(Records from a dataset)

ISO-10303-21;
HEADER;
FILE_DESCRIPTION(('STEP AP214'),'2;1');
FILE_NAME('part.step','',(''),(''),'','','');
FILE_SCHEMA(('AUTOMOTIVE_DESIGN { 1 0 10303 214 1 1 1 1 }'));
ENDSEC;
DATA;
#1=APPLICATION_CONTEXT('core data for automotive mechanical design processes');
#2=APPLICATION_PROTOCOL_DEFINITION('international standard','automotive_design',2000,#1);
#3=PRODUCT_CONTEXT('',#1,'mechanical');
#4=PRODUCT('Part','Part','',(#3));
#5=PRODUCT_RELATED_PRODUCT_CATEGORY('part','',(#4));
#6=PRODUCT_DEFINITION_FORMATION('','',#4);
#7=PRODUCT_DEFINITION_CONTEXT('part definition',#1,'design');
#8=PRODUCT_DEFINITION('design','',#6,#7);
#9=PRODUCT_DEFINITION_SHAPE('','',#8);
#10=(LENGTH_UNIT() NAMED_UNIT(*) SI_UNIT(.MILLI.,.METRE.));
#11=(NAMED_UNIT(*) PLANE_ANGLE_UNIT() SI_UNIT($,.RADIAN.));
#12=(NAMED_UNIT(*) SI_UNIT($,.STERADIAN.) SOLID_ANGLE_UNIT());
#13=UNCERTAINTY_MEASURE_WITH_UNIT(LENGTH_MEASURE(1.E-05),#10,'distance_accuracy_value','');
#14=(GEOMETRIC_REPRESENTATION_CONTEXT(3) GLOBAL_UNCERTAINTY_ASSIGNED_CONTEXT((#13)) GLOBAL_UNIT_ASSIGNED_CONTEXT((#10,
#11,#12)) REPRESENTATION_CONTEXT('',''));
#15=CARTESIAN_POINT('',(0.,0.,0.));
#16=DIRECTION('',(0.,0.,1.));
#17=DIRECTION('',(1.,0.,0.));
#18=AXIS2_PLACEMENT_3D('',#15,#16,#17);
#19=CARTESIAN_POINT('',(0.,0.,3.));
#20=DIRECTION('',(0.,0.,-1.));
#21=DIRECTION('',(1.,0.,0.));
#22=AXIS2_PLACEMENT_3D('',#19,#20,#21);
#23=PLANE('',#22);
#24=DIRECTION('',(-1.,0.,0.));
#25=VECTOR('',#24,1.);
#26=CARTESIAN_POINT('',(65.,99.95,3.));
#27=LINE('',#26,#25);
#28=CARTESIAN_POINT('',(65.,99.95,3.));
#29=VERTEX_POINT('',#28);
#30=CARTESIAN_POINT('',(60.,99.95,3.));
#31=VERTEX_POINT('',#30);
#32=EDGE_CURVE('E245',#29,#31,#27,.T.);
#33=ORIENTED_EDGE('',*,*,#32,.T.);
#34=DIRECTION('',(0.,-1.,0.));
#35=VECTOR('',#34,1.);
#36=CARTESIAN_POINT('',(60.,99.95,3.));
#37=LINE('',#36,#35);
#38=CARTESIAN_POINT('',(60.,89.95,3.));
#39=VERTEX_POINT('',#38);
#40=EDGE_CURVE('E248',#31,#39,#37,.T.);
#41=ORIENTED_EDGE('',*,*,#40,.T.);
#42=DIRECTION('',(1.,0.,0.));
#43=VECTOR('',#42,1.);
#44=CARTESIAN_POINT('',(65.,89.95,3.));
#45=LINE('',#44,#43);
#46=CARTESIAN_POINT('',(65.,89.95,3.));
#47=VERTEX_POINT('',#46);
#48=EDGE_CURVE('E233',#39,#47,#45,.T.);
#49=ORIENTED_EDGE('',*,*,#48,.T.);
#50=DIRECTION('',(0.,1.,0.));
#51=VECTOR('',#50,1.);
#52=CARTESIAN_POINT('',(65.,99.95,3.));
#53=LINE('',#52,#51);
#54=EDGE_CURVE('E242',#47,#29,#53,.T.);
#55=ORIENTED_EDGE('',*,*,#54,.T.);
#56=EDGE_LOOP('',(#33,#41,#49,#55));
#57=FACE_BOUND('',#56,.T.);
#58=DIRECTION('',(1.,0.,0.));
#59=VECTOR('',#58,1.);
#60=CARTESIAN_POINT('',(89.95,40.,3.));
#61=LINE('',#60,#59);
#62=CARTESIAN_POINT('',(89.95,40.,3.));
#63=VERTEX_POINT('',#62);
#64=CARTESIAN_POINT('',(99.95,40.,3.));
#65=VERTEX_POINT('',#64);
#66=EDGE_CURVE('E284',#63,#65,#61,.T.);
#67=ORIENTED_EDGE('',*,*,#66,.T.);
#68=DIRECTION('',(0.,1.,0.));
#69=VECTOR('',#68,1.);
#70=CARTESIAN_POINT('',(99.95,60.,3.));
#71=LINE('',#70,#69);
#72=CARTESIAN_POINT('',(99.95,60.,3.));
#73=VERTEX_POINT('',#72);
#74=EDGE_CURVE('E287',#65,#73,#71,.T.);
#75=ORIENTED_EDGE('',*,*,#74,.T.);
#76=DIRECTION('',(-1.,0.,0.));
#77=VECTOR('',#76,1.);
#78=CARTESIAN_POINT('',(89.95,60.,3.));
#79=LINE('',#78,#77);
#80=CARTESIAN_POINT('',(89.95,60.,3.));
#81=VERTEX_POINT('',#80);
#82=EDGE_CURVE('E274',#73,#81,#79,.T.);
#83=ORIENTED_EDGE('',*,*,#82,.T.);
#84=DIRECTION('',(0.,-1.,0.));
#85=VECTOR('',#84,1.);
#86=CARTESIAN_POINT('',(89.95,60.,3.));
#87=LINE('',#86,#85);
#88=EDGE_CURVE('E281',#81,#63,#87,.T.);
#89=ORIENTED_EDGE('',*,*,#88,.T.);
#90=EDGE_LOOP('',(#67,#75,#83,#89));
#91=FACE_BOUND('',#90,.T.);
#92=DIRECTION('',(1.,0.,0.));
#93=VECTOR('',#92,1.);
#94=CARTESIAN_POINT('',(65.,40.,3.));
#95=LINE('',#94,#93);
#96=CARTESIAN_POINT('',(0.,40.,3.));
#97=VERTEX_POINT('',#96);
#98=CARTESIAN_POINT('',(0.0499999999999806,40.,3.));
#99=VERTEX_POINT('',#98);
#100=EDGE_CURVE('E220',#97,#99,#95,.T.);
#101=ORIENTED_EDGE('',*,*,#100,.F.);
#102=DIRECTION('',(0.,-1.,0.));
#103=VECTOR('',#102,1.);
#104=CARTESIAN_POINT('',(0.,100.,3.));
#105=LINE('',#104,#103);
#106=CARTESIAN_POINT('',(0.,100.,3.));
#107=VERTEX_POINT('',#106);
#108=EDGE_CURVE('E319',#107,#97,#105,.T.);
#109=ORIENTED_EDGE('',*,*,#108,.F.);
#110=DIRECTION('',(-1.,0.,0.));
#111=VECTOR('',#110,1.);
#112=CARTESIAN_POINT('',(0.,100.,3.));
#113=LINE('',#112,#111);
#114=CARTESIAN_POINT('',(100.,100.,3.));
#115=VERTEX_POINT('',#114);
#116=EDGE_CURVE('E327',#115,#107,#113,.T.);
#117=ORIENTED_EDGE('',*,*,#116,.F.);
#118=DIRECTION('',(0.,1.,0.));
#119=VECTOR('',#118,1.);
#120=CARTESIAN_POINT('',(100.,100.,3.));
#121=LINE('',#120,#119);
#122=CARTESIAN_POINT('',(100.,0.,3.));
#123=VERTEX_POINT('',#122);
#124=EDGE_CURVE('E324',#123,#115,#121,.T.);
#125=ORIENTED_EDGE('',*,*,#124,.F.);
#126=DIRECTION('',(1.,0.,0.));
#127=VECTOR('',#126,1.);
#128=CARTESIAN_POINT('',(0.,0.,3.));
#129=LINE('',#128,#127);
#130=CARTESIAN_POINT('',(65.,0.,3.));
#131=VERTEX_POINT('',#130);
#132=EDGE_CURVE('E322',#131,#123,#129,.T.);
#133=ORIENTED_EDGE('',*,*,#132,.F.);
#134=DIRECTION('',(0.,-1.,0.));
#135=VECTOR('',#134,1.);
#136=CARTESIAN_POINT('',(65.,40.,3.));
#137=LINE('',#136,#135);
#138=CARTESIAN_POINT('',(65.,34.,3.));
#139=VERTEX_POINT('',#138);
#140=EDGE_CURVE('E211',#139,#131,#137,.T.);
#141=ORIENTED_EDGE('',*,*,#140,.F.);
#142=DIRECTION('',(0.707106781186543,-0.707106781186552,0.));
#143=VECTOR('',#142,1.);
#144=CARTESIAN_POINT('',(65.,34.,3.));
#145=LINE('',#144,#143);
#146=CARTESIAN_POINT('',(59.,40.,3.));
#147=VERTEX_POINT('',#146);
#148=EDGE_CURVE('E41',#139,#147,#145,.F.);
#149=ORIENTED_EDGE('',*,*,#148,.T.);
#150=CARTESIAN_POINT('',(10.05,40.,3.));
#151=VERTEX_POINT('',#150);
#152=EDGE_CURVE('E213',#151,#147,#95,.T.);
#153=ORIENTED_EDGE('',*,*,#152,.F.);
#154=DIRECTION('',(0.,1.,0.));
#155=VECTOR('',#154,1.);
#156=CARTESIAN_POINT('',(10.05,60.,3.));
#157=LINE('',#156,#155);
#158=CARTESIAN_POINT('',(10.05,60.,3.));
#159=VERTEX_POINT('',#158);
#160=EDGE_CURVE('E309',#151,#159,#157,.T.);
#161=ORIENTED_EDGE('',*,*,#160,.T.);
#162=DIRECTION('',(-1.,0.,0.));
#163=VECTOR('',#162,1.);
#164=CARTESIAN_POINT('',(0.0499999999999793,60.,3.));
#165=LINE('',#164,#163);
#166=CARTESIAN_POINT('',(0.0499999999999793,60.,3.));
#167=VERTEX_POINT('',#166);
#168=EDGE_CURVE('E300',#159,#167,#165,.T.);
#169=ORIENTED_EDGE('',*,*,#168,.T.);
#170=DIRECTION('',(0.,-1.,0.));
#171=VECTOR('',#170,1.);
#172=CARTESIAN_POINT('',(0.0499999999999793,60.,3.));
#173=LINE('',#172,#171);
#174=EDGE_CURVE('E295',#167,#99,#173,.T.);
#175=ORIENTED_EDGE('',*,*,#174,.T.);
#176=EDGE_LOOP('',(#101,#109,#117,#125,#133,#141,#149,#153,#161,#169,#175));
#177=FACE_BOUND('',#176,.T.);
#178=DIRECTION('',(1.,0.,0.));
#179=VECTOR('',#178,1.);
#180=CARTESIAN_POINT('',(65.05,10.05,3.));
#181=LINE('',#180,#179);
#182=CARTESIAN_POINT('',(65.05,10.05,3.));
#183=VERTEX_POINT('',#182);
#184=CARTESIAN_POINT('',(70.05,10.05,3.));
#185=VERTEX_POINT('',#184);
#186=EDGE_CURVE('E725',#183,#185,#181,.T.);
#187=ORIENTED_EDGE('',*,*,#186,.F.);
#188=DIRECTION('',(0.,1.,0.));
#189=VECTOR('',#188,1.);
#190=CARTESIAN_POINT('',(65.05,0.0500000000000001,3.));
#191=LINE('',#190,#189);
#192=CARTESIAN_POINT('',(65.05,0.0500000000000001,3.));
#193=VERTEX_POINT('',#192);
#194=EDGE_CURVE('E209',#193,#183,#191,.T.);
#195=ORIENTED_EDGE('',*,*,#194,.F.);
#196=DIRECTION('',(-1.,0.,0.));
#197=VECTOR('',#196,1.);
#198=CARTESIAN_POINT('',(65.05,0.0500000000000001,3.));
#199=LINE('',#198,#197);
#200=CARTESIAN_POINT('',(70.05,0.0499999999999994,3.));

● Work to be completed
Out of the data above, give again only the lines starting at the one holding "#76=DIRECTION('',(-1.,0.,0.));" and ending at the one holding "#129=LINE('',#128,#127);", unchanged.

● Answer for the task
#76=DIRECTION('',(-1.,0.,0.));
#77=VECTOR('',#76,1.);
#78=CARTESIAN_POINT('',(89.95,60.,3.));
#79=LINE('',#78,#77);
#80=CARTESIAN_POINT('',(89.95,60.,3.));
#81=VERTEX_POINT('',#80);
#82=EDGE_CURVE('E274',#73,#81,#79,.T.);
#83=ORIENTED_EDGE('',*,*,#82,.T.);
#84=DIRECTION('',(0.,-1.,0.));
#85=VECTOR('',#84,1.);
#86=CARTESIAN_POINT('',(89.95,60.,3.));
#87=LINE('',#86,#85);
#88=EDGE_CURVE('E281',#81,#63,#87,.T.);
#89=ORIENTED_EDGE('',*,*,#88,.T.);
#90=EDGE_LOOP('',(#67,#75,#83,#89));
#91=FACE_BOUND('',#90,.T.);
#92=DIRECTION('',(1.,0.,0.));
#93=VECTOR('',#92,1.);
#94=CARTESIAN_POINT('',(65.,40.,3.));
#95=LINE('',#94,#93);
#96=CARTESIAN_POINT('',(0.,40.,3.));
#97=VERTEX_POINT('',#96);
#98=CARTESIAN_POINT('',(0.0499999999999806,40.,3.));
#99=VERTEX_POINT('',#98);
#100=EDGE_CURVE('E220',#97,#99,#95,.T.);
#101=ORIENTED_EDGE('',*,*,#100,.F.);
#102=DIRECTION('',(0.,-1.,0.));
#103=VECTOR('',#102,1.);
#104=CARTESIAN_POINT('',(0.,100.,3.));
#105=LINE('',#104,#103);
#106=CARTESIAN_POINT('',(0.,100.,3.));
#107=VERTEX_POINT('',#106);
#108=EDGE_CURVE('E319',#107,#97,#105,.T.);
#109=ORIENTED_EDGE('',*,*,#108,.F.);
#110=DIRECTION('',(-1.,0.,0.));
#111=VECTOR('',#110,1.);
#112=CARTESIAN_POINT('',(0.,100.,3.));
#113=LINE('',#112,#111);
#114=CARTESIAN_POINT('',(100.,100.,3.));
#115=VERTEX_POINT('',#114);
#116=EDGE_CURVE('E327',#115,#107,#113,.T.);
#117=ORIENTED_EDGE('',*,*,#116,.F.);
#118=DIRECTION('',(0.,1.,0.));
#119=VECTOR('',#118,1.);
#120=CARTESIAN_POINT('',(100.,100.,3.));
#121=LINE('',#120,#119);
#122=CARTESIAN_POINT('',(100.,0.,3.));
#123=VERTEX_POINT('',#122);
#124=EDGE_CURVE('E324',#123,#115,#121,.T.);
#125=ORIENTED_EDGE('',*,*,#124,.F.);
#126=DIRECTION('',(1.,0.,0.));
#127=VECTOR('',#126,1.);
#128=CARTESIAN_POINT('',(0.,0.,3.));
#129=LINE('',#128,#127);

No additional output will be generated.